# traceable



## Sabrina L. Castro

Field and topic:
Esto pertenece a un protocolo de validación de equipos de laboratorio. Este es acerca de un HPLC. Les pido si alguien puede ayudarme con la traducción de esta palabra. Muchas gracias!!
---------------------

Sample sentence:
The HPLC 1100 Series operationa qualification/performance verification uses a series of automated complete system tests to qualify the operation of the instrument against traceable standards according to acceptance limits agreed upon by the customer.


----------



## JorgeAntonio

Hola:

Traceable, he encontrado útil usar su significado de rastro. ellos quiere entonces decir "rastreable" a un origen, especialmente cuando se habla de equipos de medición que deben ser calibrados contra patrones, los cuales deben ser rastreables a un estándar nacional o internacional. En la norma ISO 9001:2000 viene un requerimiento que se llama en Inglés "Traceability" y al leerlo se entiende el mismo significado que doy.

Espero que la respuesta sea útil. Gracias.


----------



## JorgeAntonio

Hola otra vez.
Como complemento a mi mensaje, esa rastreabilidad se refiere, en los equipos que deben ser calibrados, a seguir el rastro de calibración del instrumento y de todos los patrones con los que se calibra, hasta llegar al estándar nacional o internacional, de manera que se asegure que su calibración es válida.

Gracias.


----------



## Sabrina L. Castro

Hola Jorge Antonio!
Te agradezco por tu respuesta (aunque sé que ya pasó mucho tiempo..).
Aquí encontré que se usa como traducción de traceable el vocablo "trazable". No sé si es de utilidad para vos también.
Gracias por todo!!


----------



## JorgeAntonio

Hola Sabrina:
Definitivamente, trazable quiere decir que puede trazarse. Trazar, en una de sus acecpciones dice: Delinear o diseñar la traza que se ha de seguir en un edificio o una obra. O bien: Discurrir y disponer los medios oportunos para el logro de una cosa. O bien: Describir, dibujar, exponer por medio del lenguaje, los rasgos característicos de una persona o asunto.

Por lo tanto, cuando vemos e la norma original la palabra "traceable" podemos hacer referencia a la huella que deja algo. Si nos atenemos al concepto original.

En lo personal, veo más adecuado, para el medio en que me desarrollo, usar rastreable. ello es: Seguir el rastro o huella.
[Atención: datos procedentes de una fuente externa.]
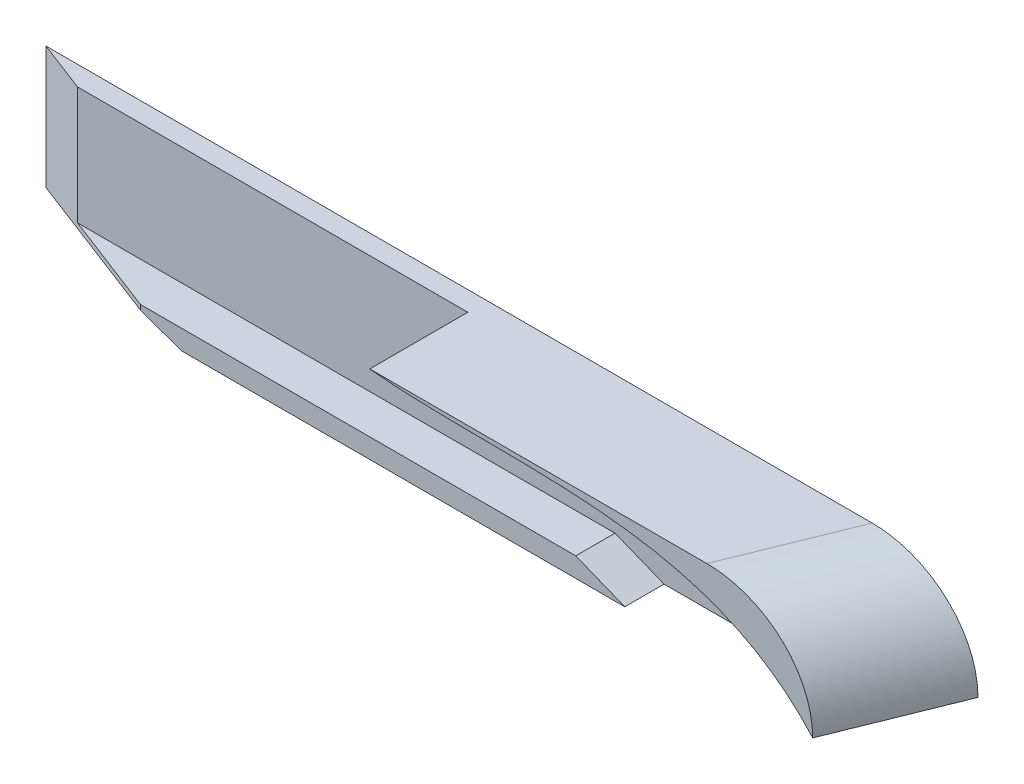
ISO-10303-21;
HEADER;
FILE_DESCRIPTION(('STEP AP214'),'2;1');
FILE_NAME('part.step','',(''),(''),'','','');
FILE_SCHEMA(('AUTOMOTIVE_DESIGN { 1 0 10303 214 1 1 1 1 }'));
ENDSEC;
DATA;
#1=APPLICATION_CONTEXT('core data for automotive mechanical design processes');
#2=APPLICATION_PROTOCOL_DEFINITION('international standard','automotive_design',2000,#1);
#3=PRODUCT_CONTEXT('',#1,'mechanical');
#4=PRODUCT('Part','Part','',(#3));
#5=PRODUCT_RELATED_PRODUCT_CATEGORY('part','',(#4));
#6=PRODUCT_DEFINITION_FORMATION('','',#4);
#7=PRODUCT_DEFINITION_CONTEXT('part definition',#1,'design');
#8=PRODUCT_DEFINITION('design','',#6,#7);
#9=PRODUCT_DEFINITION_SHAPE('','',#8);
#10=(LENGTH_UNIT() NAMED_UNIT(*) SI_UNIT(.MILLI.,.METRE.));
#11=(NAMED_UNIT(*) PLANE_ANGLE_UNIT() SI_UNIT($,.RADIAN.));
#12=(NAMED_UNIT(*) SI_UNIT($,.STERADIAN.) SOLID_ANGLE_UNIT());
#13=UNCERTAINTY_MEASURE_WITH_UNIT(LENGTH_MEASURE(1.E-05),#10,'distance_accuracy_value','');
#14=(GEOMETRIC_REPRESENTATION_CONTEXT(3) GLOBAL_UNCERTAINTY_ASSIGNED_CONTEXT((#13)) GLOBAL_UNIT_ASSIGNED_CONTEXT((#10,
#11,#12)) REPRESENTATION_CONTEXT('',''));
#15=CARTESIAN_POINT('',(0.,0.,0.));
#16=DIRECTION('',(0.,0.,1.));
#17=DIRECTION('',(1.,0.,0.));
#18=AXIS2_PLACEMENT_3D('',#15,#16,#17);
#19=CARTESIAN_POINT('',(32.9411764705883,11.906862745098,2.));
#20=DIRECTION('',(-1.,0.,0.));
#21=DIRECTION('',(0.,0.,1.));
#22=AXIS2_PLACEMENT_3D('',#19,#20,#21);
#23=PLANE('',#22);
#24=DIRECTION('',(0.,0.,-1.));
#25=VECTOR('',#24,1.);
#26=CARTESIAN_POINT('',(32.9411764705883,1.90686274509804,2.));
#27=LINE('',#26,#25);
#28=CARTESIAN_POINT('',(32.9411764705883,1.90686274509804,2.));
#29=VERTEX_POINT('',#28);
#30=CARTESIAN_POINT('',(32.9411764705883,1.90686274509804,0.));
#31=VERTEX_POINT('',#30);
#32=EDGE_CURVE('E171',#29,#31,#27,.T.);
#33=ORIENTED_EDGE('',*,*,#32,.F.);
#34=DIRECTION('',(0.,1.,0.));
#35=VECTOR('',#34,1.);
#36=CARTESIAN_POINT('',(32.9411764705883,11.906862745098,2.));
#37=LINE('',#36,#35);
#38=CARTESIAN_POINT('',(32.9411764705883,-2.09313725490196,2.));
#39=VERTEX_POINT('',#38);
#40=EDGE_CURVE('E132',#39,#29,#37,.T.);
#41=ORIENTED_EDGE('',*,*,#40,.F.);
#42=DIRECTION('',(0.,0.,-1.));
#43=VECTOR('',#42,1.);
#44=CARTESIAN_POINT('',(32.9411764705883,-2.09313725490196,2.));
#45=LINE('',#44,#43);
#46=CARTESIAN_POINT('',(32.9411764705883,-2.09313725490196,0.));
#47=VERTEX_POINT('',#46);
#48=EDGE_CURVE('E198',#39,#47,#45,.T.);
#49=ORIENTED_EDGE('',*,*,#48,.T.);
#50=DIRECTION('',(0.,1.,0.));
#51=VECTOR('',#50,1.);
#52=CARTESIAN_POINT('',(32.9411764705883,11.906862745098,0.));
#53=LINE('',#52,#51);
#54=EDGE_CURVE('E203',#47,#31,#53,.T.);
#55=ORIENTED_EDGE('',*,*,#54,.T.);
#56=EDGE_LOOP('',(#33,#41,#49,#55));
#57=FACE_BOUND('',#56,.T.);
#58=ADVANCED_FACE('F41',(#57),#23,.F.);
#59=CARTESIAN_POINT('',(0.,0.,2.));
#60=DIRECTION('',(0.,0.,1.));
#61=DIRECTION('',(1.,0.,0.));
#62=AXIS2_PLACEMENT_3D('',#59,#60,#61);
#63=PLANE('',#62);
#64=ORIENTED_EDGE('',*,*,#40,.T.);
#65=DIRECTION('',(1.,0.,0.));
#66=VECTOR('',#65,1.);
#67=CARTESIAN_POINT('',(-7.05882352941175,1.90686274509804,2.));
#68=LINE('',#67,#66);
#69=CARTESIAN_POINT('',(38.0928617605664,1.90686274509804,2.));
#70=VERTEX_POINT('',#69);
#71=EDGE_CURVE('E126',#29,#70,#68,.T.);
#72=ORIENTED_EDGE('',*,*,#71,.T.);
#73=CARTESIAN_POINT('',(38.0928617605664,1.90686274509804,2.));
#74=CARTESIAN_POINT('',(26.9851714779001,14.4167580625328,2.));
#75=CARTESIAN_POINT('',(7.59742467284793,10.4161931642918,2.));
#76=CARTESIAN_POINT('',(-7.05882352941175,11.906862745098,2.));
#77=B_SPLINE_CURVE_WITH_KNOTS('',3,(#73,#74,#75,#76),.UNSPECIFIED.,.F.,.F.,(4,4),(0.,1.),.UNSPECIFIED.);
#78=CARTESIAN_POINT('',(-7.05882352941175,11.906862745098,2.));
#79=VERTEX_POINT('',#78);
#80=EDGE_CURVE('E129',#70,#79,#77,.T.);
#81=ORIENTED_EDGE('',*,*,#80,.T.);
#82=DIRECTION('',(-1.,0.,0.));
#83=VECTOR('',#82,1.);
#84=CARTESIAN_POINT('',(-52.0588235294118,11.906862745098,2.));
#85=LINE('',#84,#83);
#86=CARTESIAN_POINT('',(-46.8486454000241,11.906862745098,2.));
#87=VERTEX_POINT('',#86);
#88=EDGE_CURVE('E195',#79,#87,#85,.T.);
#89=ORIENTED_EDGE('',*,*,#88,.T.);
#90=DIRECTION('',(0.,1.,0.));
#91=VECTOR('',#90,1.);
#92=CARTESIAN_POINT('',(-46.8486454000241,0.,2.));
#93=LINE('',#92,#91);
#94=CARTESIAN_POINT('',(-46.8486454000241,-0.0931372549019607,2.));
#95=VERTEX_POINT('',#94);
#96=EDGE_CURVE('E162',#95,#87,#93,.T.);
#97=ORIENTED_EDGE('',*,*,#96,.F.);
#98=DIRECTION('',(1.,0.,0.));
#99=VECTOR('',#98,1.);
#100=CARTESIAN_POINT('',(0.,-0.0931372549019607,2.));
#101=LINE('',#100,#99);
#102=CARTESIAN_POINT('',(7.94117647058825,-0.0931372549019607,2.));
#103=VERTEX_POINT('',#102);
#104=EDGE_CURVE('E191',#95,#103,#101,.T.);
#105=ORIENTED_EDGE('',*,*,#104,.T.);
#106=DIRECTION('',(0.928476690885259,-0.371390676354104,0.));
#107=VECTOR('',#106,1.);
#108=CARTESIAN_POINT('',(7.94117647058825,-0.0931372549019607,2.));
#109=LINE('',#108,#107);
#110=CARTESIAN_POINT('',(12.9411764705883,-2.09313725490196,2.));
#111=VERTEX_POINT('',#110);
#112=EDGE_CURVE('E174',#103,#111,#109,.T.);
#113=ORIENTED_EDGE('',*,*,#112,.T.);
#114=DIRECTION('',(1.,0.,0.));
#115=VECTOR('',#114,1.);
#116=CARTESIAN_POINT('',(12.9411764705883,-2.09313725490196,2.));
#117=LINE('',#116,#115);
#118=EDGE_CURVE('E177',#111,#39,#117,.T.);
#119=ORIENTED_EDGE('',*,*,#118,.T.);
#120=EDGE_LOOP('',(#64,#72,#81,#89,#97,#105,#113,#119));
#121=FACE_BOUND('',#120,.T.);
#122=ADVANCED_FACE('F128',(#121),#63,.T.);
#123=CARTESIAN_POINT('',(-52.0588235294118,-2.09313725490196,2.));
#124=DIRECTION('',(0.,1.,0.));
#125=DIRECTION('',(0.,0.,1.));
#126=AXIS2_PLACEMENT_3D('',#123,#124,#125);
#127=PLANE('',#126);
#128=DIRECTION('',(1.,0.,0.));
#129=VECTOR('',#128,1.);
#130=CARTESIAN_POINT('',(-52.0588235294118,-2.09313725490196,6.));
#131=LINE('',#130,#129);
#132=CARTESIAN_POINT('',(-32.2426469768106,-2.09313725490196,6.));
#133=VERTEX_POINT('',#132);
#134=CARTESIAN_POINT('',(12.9411764705883,-2.09313725490196,6.));
#135=VERTEX_POINT('',#134);
#136=EDGE_CURVE('E185',#133,#135,#131,.T.);
#137=ORIENTED_EDGE('',*,*,#136,.F.);
#138=DIRECTION('',(-0.933580426497204,0.,-0.358367949545295));
#139=VECTOR('',#138,1.);
#140=CARTESIAN_POINT('',(-50.852140998735,-2.09313725490196,-1.14351546522322));
#141=LINE('',#140,#139);
#142=CARTESIAN_POINT('',(-47.8731813649737,-2.09313725490196,0.));
#143=VERTEX_POINT('',#142);
#144=EDGE_CURVE('E216',#133,#143,#141,.T.);
#145=ORIENTED_EDGE('',*,*,#144,.T.);
#146=DIRECTION('',(1.,0.,0.));
#147=VECTOR('',#146,1.);
#148=CARTESIAN_POINT('',(-52.0588235294118,-2.09313725490196,0.));
#149=LINE('',#148,#147);
#150=EDGE_CURVE('E201',#143,#47,#149,.T.);
#151=ORIENTED_EDGE('',*,*,#150,.T.);
#152=ORIENTED_EDGE('',*,*,#48,.F.);
#153=ORIENTED_EDGE('',*,*,#118,.F.);
#154=DIRECTION('',(0.,0.,1.));
#155=VECTOR('',#154,1.);
#156=CARTESIAN_POINT('',(12.9411764705883,-2.09313725490196,2.));
#157=LINE('',#156,#155);
#158=EDGE_CURVE('E182',#111,#135,#157,.T.);
#159=ORIENTED_EDGE('',*,*,#158,.T.);
#160=EDGE_LOOP('',(#137,#145,#151,#152,#153,#159));
#161=FACE_BOUND('',#160,.T.);
#162=ADVANCED_FACE('F249',(#161),#127,.F.);
#163=CARTESIAN_POINT('',(-52.0588235294118,11.906862745098,2.));
#164=DIRECTION('',(0.,-1.,0.));
#165=DIRECTION('',(0.,0.,-1.));
#166=AXIS2_PLACEMENT_3D('',#163,#164,#165);
#167=PLANE('',#166);
#168=DIRECTION('',(1.,0.,0.));
#169=VECTOR('',#168,1.);
#170=CARTESIAN_POINT('',(-7.05882352941175,11.906862745098,12.));
#171=LINE('',#170,#169);
#172=CARTESIAN_POINT('',(-7.05882352941175,11.906862745098,12.));
#173=VERTEX_POINT('',#172);
#174=CARTESIAN_POINT('',(27.3075143337906,11.906862745098,12.));
#175=VERTEX_POINT('',#174);
#176=EDGE_CURVE('E157',#173,#175,#171,.T.);
#177=ORIENTED_EDGE('',*,*,#176,.T.);
#178=DIRECTION('',(0.37460659341591,0.,-0.927183854566788));
#179=VECTOR('',#178,1.);
#180=CARTESIAN_POINT('',(19.6433200705475,11.906862745098,30.9695464629818));
#181=LINE('',#180,#179);
#182=CARTESIAN_POINT('',(32.1558290438124,11.906862745098,0.));
#183=VERTEX_POINT('',#182);
#184=EDGE_CURVE('E220',#175,#183,#181,.T.);
#185=ORIENTED_EDGE('',*,*,#184,.T.);
#186=DIRECTION('',(-1.,0.,0.));
#187=VECTOR('',#186,1.);
#188=CARTESIAN_POINT('',(-52.0588235294118,11.906862745098,0.));
#189=LINE('',#188,#187);
#190=CARTESIAN_POINT('',(-52.0588235294118,11.906862745098,0.));
#191=VERTEX_POINT('',#190);
#192=EDGE_CURVE('E196',#183,#191,#189,.T.);
#193=ORIENTED_EDGE('',*,*,#192,.T.);
#194=DIRECTION('',(0.933580426497204,0.,0.358367949545295));
#195=VECTOR('',#194,1.);
#196=CARTESIAN_POINT('',(-51.3896929230529,11.906862745098,0.256855174522597));
#197=LINE('',#196,#195);
#198=EDGE_CURVE('E165',#191,#87,#197,.T.);
#199=ORIENTED_EDGE('',*,*,#198,.T.);
#200=ORIENTED_EDGE('',*,*,#88,.F.);
#201=DIRECTION('',(0.,0.,1.));
#202=VECTOR('',#201,1.);
#203=CARTESIAN_POINT('',(-7.05882352941175,11.906862745098,2.));
#204=LINE('',#203,#202);
#205=EDGE_CURVE('E142',#79,#173,#204,.T.);
#206=ORIENTED_EDGE('',*,*,#205,.T.);
#207=EDGE_LOOP('',(#177,#185,#193,#199,#200,#206));
#208=FACE_BOUND('',#207,.T.);
#209=ADVANCED_FACE('F227',(#208),#167,.F.);
#210=CARTESIAN_POINT('',(0.,0.,0.));
#211=DIRECTION('',(0.,0.,1.));
#212=DIRECTION('',(1.,0.,0.));
#213=AXIS2_PLACEMENT_3D('',#210,#211,#212);
#214=PLANE('',#213);
#215=ORIENTED_EDGE('',*,*,#192,.F.);
#216=CARTESIAN_POINT('',(32.1558290438124,1.90686274509804,0.));
#217=DIRECTION('',(0.,0.,1.));
#218=DIRECTION('',(1.,0.,0.));
#219=AXIS2_PLACEMENT_3D('',#216,#217,#218);
#220=ELLIPSE('',#219,10.7853474267758,10.);
#221=CARTESIAN_POINT('',(42.9411764705883,1.90686274509804,0.));
#222=VERTEX_POINT('',#221);
#223=EDGE_CURVE('E49',#183,#222,#220,.F.);
#224=ORIENTED_EDGE('',*,*,#223,.T.);
#225=DIRECTION('',(-1.,0.,0.));
#226=VECTOR('',#225,1.);
#227=CARTESIAN_POINT('',(32.9411764705883,1.90686274509804,0.));
#228=LINE('',#227,#226);
#229=EDGE_CURVE('E168',#222,#31,#228,.T.);
#230=ORIENTED_EDGE('',*,*,#229,.T.);
#231=ORIENTED_EDGE('',*,*,#54,.F.);
#232=ORIENTED_EDGE('',*,*,#150,.F.);
#233=DIRECTION('',(0.941376066179338,-0.337359010587703,0.));
#234=VECTOR('',#233,1.);
#235=CARTESIAN_POINT('',(-52.0588235294118,-0.593137254901961,0.));
#236=LINE('',#235,#234);
#237=CARTESIAN_POINT('',(-52.0588235294118,-0.593137254901963,0.));
#238=VERTEX_POINT('',#237);
#239=EDGE_CURVE('E218',#143,#238,#236,.F.);
#240=ORIENTED_EDGE('',*,*,#239,.T.);
#241=DIRECTION('',(0.,-1.,0.));
#242=VECTOR('',#241,1.);
#243=CARTESIAN_POINT('',(-52.0588235294118,11.906862745098,0.));
#244=LINE('',#243,#242);
#245=EDGE_CURVE('E193',#191,#238,#244,.T.);
#246=ORIENTED_EDGE('',*,*,#245,.F.);
#247=EDGE_LOOP('',(#215,#224,#230,#231,#232,#240,#246));
#248=FACE_BOUND('',#247,.T.);
#249=ADVANCED_FACE('F223',(#248),#214,.F.);
#250=CARTESIAN_POINT('',(-52.0588235294118,-0.0931372549019607,6.));
#251=DIRECTION('',(0.,-1.,0.));
#252=DIRECTION('',(0.,0.,-1.));
#253=AXIS2_PLACEMENT_3D('',#250,#251,#252);
#254=PLANE('',#253);
#255=ORIENTED_EDGE('',*,*,#104,.F.);
#256=DIRECTION('',(0.933580426497204,0.,0.358367949545295));
#257=VECTOR('',#256,1.);
#258=CARTESIAN_POINT('',(-50.0514317103352,-0.0931372549019607,0.770565523567792));
#259=LINE('',#258,#257);
#260=CARTESIAN_POINT('',(-36.4282891412487,-0.0931372549019607,6.));
#261=VERTEX_POINT('',#260);
#262=EDGE_CURVE('E159',#95,#261,#259,.T.);
#263=ORIENTED_EDGE('',*,*,#262,.T.);
#264=DIRECTION('',(-1.,0.,0.));
#265=VECTOR('',#264,1.);
#266=CARTESIAN_POINT('',(-52.0588235294118,-0.0931372549019607,6.));
#267=LINE('',#266,#265);
#268=CARTESIAN_POINT('',(7.94117647058825,-0.0931372549019607,6.));
#269=VERTEX_POINT('',#268);
#270=EDGE_CURVE('E188',#269,#261,#267,.T.);
#271=ORIENTED_EDGE('',*,*,#270,.F.);
#272=DIRECTION('',(0.,0.,1.));
#273=VECTOR('',#272,1.);
#274=CARTESIAN_POINT('',(7.94117647058825,-0.0931372549019607,2.));
#275=LINE('',#274,#273);
#276=EDGE_CURVE('E179',#103,#269,#275,.T.);
#277=ORIENTED_EDGE('',*,*,#276,.F.);
#278=EDGE_LOOP('',(#255,#263,#271,#277));
#279=FACE_BOUND('',#278,.T.);
#280=ADVANCED_FACE('F278',(#279),#254,.F.);
#281=CARTESIAN_POINT('',(0.,0.,6.));
#282=DIRECTION('',(0.,0.,-1.));
#283=DIRECTION('',(-1.,0.,0.));
#284=AXIS2_PLACEMENT_3D('',#281,#282,#283);
#285=PLANE('',#284);
#286=DIRECTION('',(0.,-1.,0.));
#287=VECTOR('',#286,1.);
#288=CARTESIAN_POINT('',(-36.4282891412487,0.,6.));
#289=LINE('',#288,#287);
#290=CARTESIAN_POINT('',(-36.4282891412487,-0.593137254901962,6.));
#291=VERTEX_POINT('',#290);
#292=EDGE_CURVE('E208',#261,#291,#289,.T.);
#293=ORIENTED_EDGE('',*,*,#292,.T.);
#294=DIRECTION('',(-0.941376066179338,0.337359010587703,0.));
#295=VECTOR('',#294,1.);
#296=CARTESIAN_POINT('',(-50.2798951854597,4.37083440107114,6.));
#297=LINE('',#296,#295);
#298=EDGE_CURVE('E214',#291,#133,#297,.F.);
#299=ORIENTED_EDGE('',*,*,#298,.T.);
#300=ORIENTED_EDGE('',*,*,#136,.T.);
#301=DIRECTION('',(0.928476690885259,-0.371390676354104,0.));
#302=VECTOR('',#301,1.);
#303=CARTESIAN_POINT('',(7.94117647058825,-0.0931372549019607,6.));
#304=LINE('',#303,#302);
#305=EDGE_CURVE('E173',#269,#135,#304,.T.);
#306=ORIENTED_EDGE('',*,*,#305,.F.);
#307=ORIENTED_EDGE('',*,*,#270,.T.);
#308=EDGE_LOOP('',(#293,#299,#300,#306,#307));
#309=FACE_BOUND('',#308,.T.);
#310=ADVANCED_FACE('F282',(#309),#285,.F.);
#311=CARTESIAN_POINT('',(7.94117647058825,-0.0931372549019607,2.));
#312=DIRECTION('',(-0.371390676354104,-0.928476690885259,0.));
#313=DIRECTION('',(0.928476690885259,-0.371390676354104,0.));
#314=AXIS2_PLACEMENT_3D('',#311,#312,#313);
#315=PLANE('',#314);
#316=ORIENTED_EDGE('',*,*,#305,.T.);
#317=ORIENTED_EDGE('',*,*,#158,.F.);
#318=ORIENTED_EDGE('',*,*,#112,.F.);
#319=ORIENTED_EDGE('',*,*,#276,.T.);
#320=EDGE_LOOP('',(#316,#317,#318,#319));
#321=FACE_BOUND('',#320,.T.);
#322=ADVANCED_FACE('F281',(#321),#315,.F.);
#323=CARTESIAN_POINT('',(32.9411764705883,1.90686274509804,2.));
#324=DIRECTION('',(0.,-1.,0.));
#325=DIRECTION('',(1.,0.,0.));
#326=AXIS2_PLACEMENT_3D('',#323,#324,#325);
#327=PLANE('',#326);
#328=DIRECTION('',(0.,0.,1.));
#329=VECTOR('',#328,1.);
#330=CARTESIAN_POINT('',(38.0928617605664,1.90686274509804,2.));
#331=LINE('',#330,#329);
#332=CARTESIAN_POINT('',(38.0928617605664,1.90686274509804,12.));
#333=VERTEX_POINT('',#332);
#334=EDGE_CURVE('E137',#70,#333,#331,.T.);
#335=ORIENTED_EDGE('',*,*,#334,.F.);
#336=ORIENTED_EDGE('',*,*,#71,.F.);
#337=ORIENTED_EDGE('',*,*,#32,.T.);
#338=ORIENTED_EDGE('',*,*,#229,.F.);
#339=DIRECTION('',(0.37460659341591,0.,-0.927183854566788));
#340=VECTOR('',#339,1.);
#341=CARTESIAN_POINT('',(42.9411764705883,1.90686274509804,0.));
#342=LINE('',#341,#340);
#343=EDGE_CURVE('E149',#333,#222,#342,.T.);
#344=ORIENTED_EDGE('',*,*,#343,.F.);
#345=EDGE_LOOP('',(#335,#336,#337,#338,#344));
#346=FACE_BOUND('',#345,.T.);
#347=ADVANCED_FACE('F147',(#346),#327,.T.);
#348=CARTESIAN_POINT('',(-52.0588235294118,17.906862745098,0.));
#349=DIRECTION('',(0.358367949545295,0.,-0.933580426497204));
#350=DIRECTION('',(-0.933580426497204,0.,-0.358367949545295));
#351=AXIS2_PLACEMENT_3D('',#348,#349,#350);
#352=PLANE('',#351);
#353=ORIENTED_EDGE('',*,*,#245,.T.);
#354=DIRECTION('',(0.933580426497204,0.,0.358367949545295));
#355=VECTOR('',#354,1.);
#356=CARTESIAN_POINT('',(-52.0588235294118,-0.593137254901961,0.));
#357=LINE('',#356,#355);
#358=EDGE_CURVE('E211',#238,#291,#357,.T.);
#359=ORIENTED_EDGE('',*,*,#358,.T.);
#360=ORIENTED_EDGE('',*,*,#292,.F.);
#361=ORIENTED_EDGE('',*,*,#262,.F.);
#362=ORIENTED_EDGE('',*,*,#96,.T.);
#363=ORIENTED_EDGE('',*,*,#198,.F.);
#364=EDGE_LOOP('',(#353,#359,#360,#361,#362,#363));
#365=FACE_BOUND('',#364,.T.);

Creo debemos usar el término que sea inteligible en el ambiente en que nos desarrollamos.


----------



## victor35ma

JorgeAntonio said:
			
		

> Hola:
> 
> Traceable, he encontrado útil usar su significado de rastro. ellos quiere entonces decir "rastreable" a un origen, especialmente cuando se habla de equipos de medición que deben ser calibrados contra patrones, los cuales deben ser rastreables a un estándar nacional o internacional. En la norma ISO 9001:2000 viene un requerimiento que se llama en Inglés "Traceability" y al leerlo se entiende el mismo significado que doy.
> 
> Espero que la respuesta sea útil. Gracias.


 
De acuerdo en la idea. Solo quisiera mencionar que las palabras trazables no da la idea de identificar algo  rastreables, no existen en el idioma español. Si existe identificable.


----------



## ines

victor35ma said:
			
		

> De acuerdo en la idea. Solo quisiera mencionar que las palabras trazables no da la idea de identificar algo  rastreables, no existen en el idioma español. Si existe identificable.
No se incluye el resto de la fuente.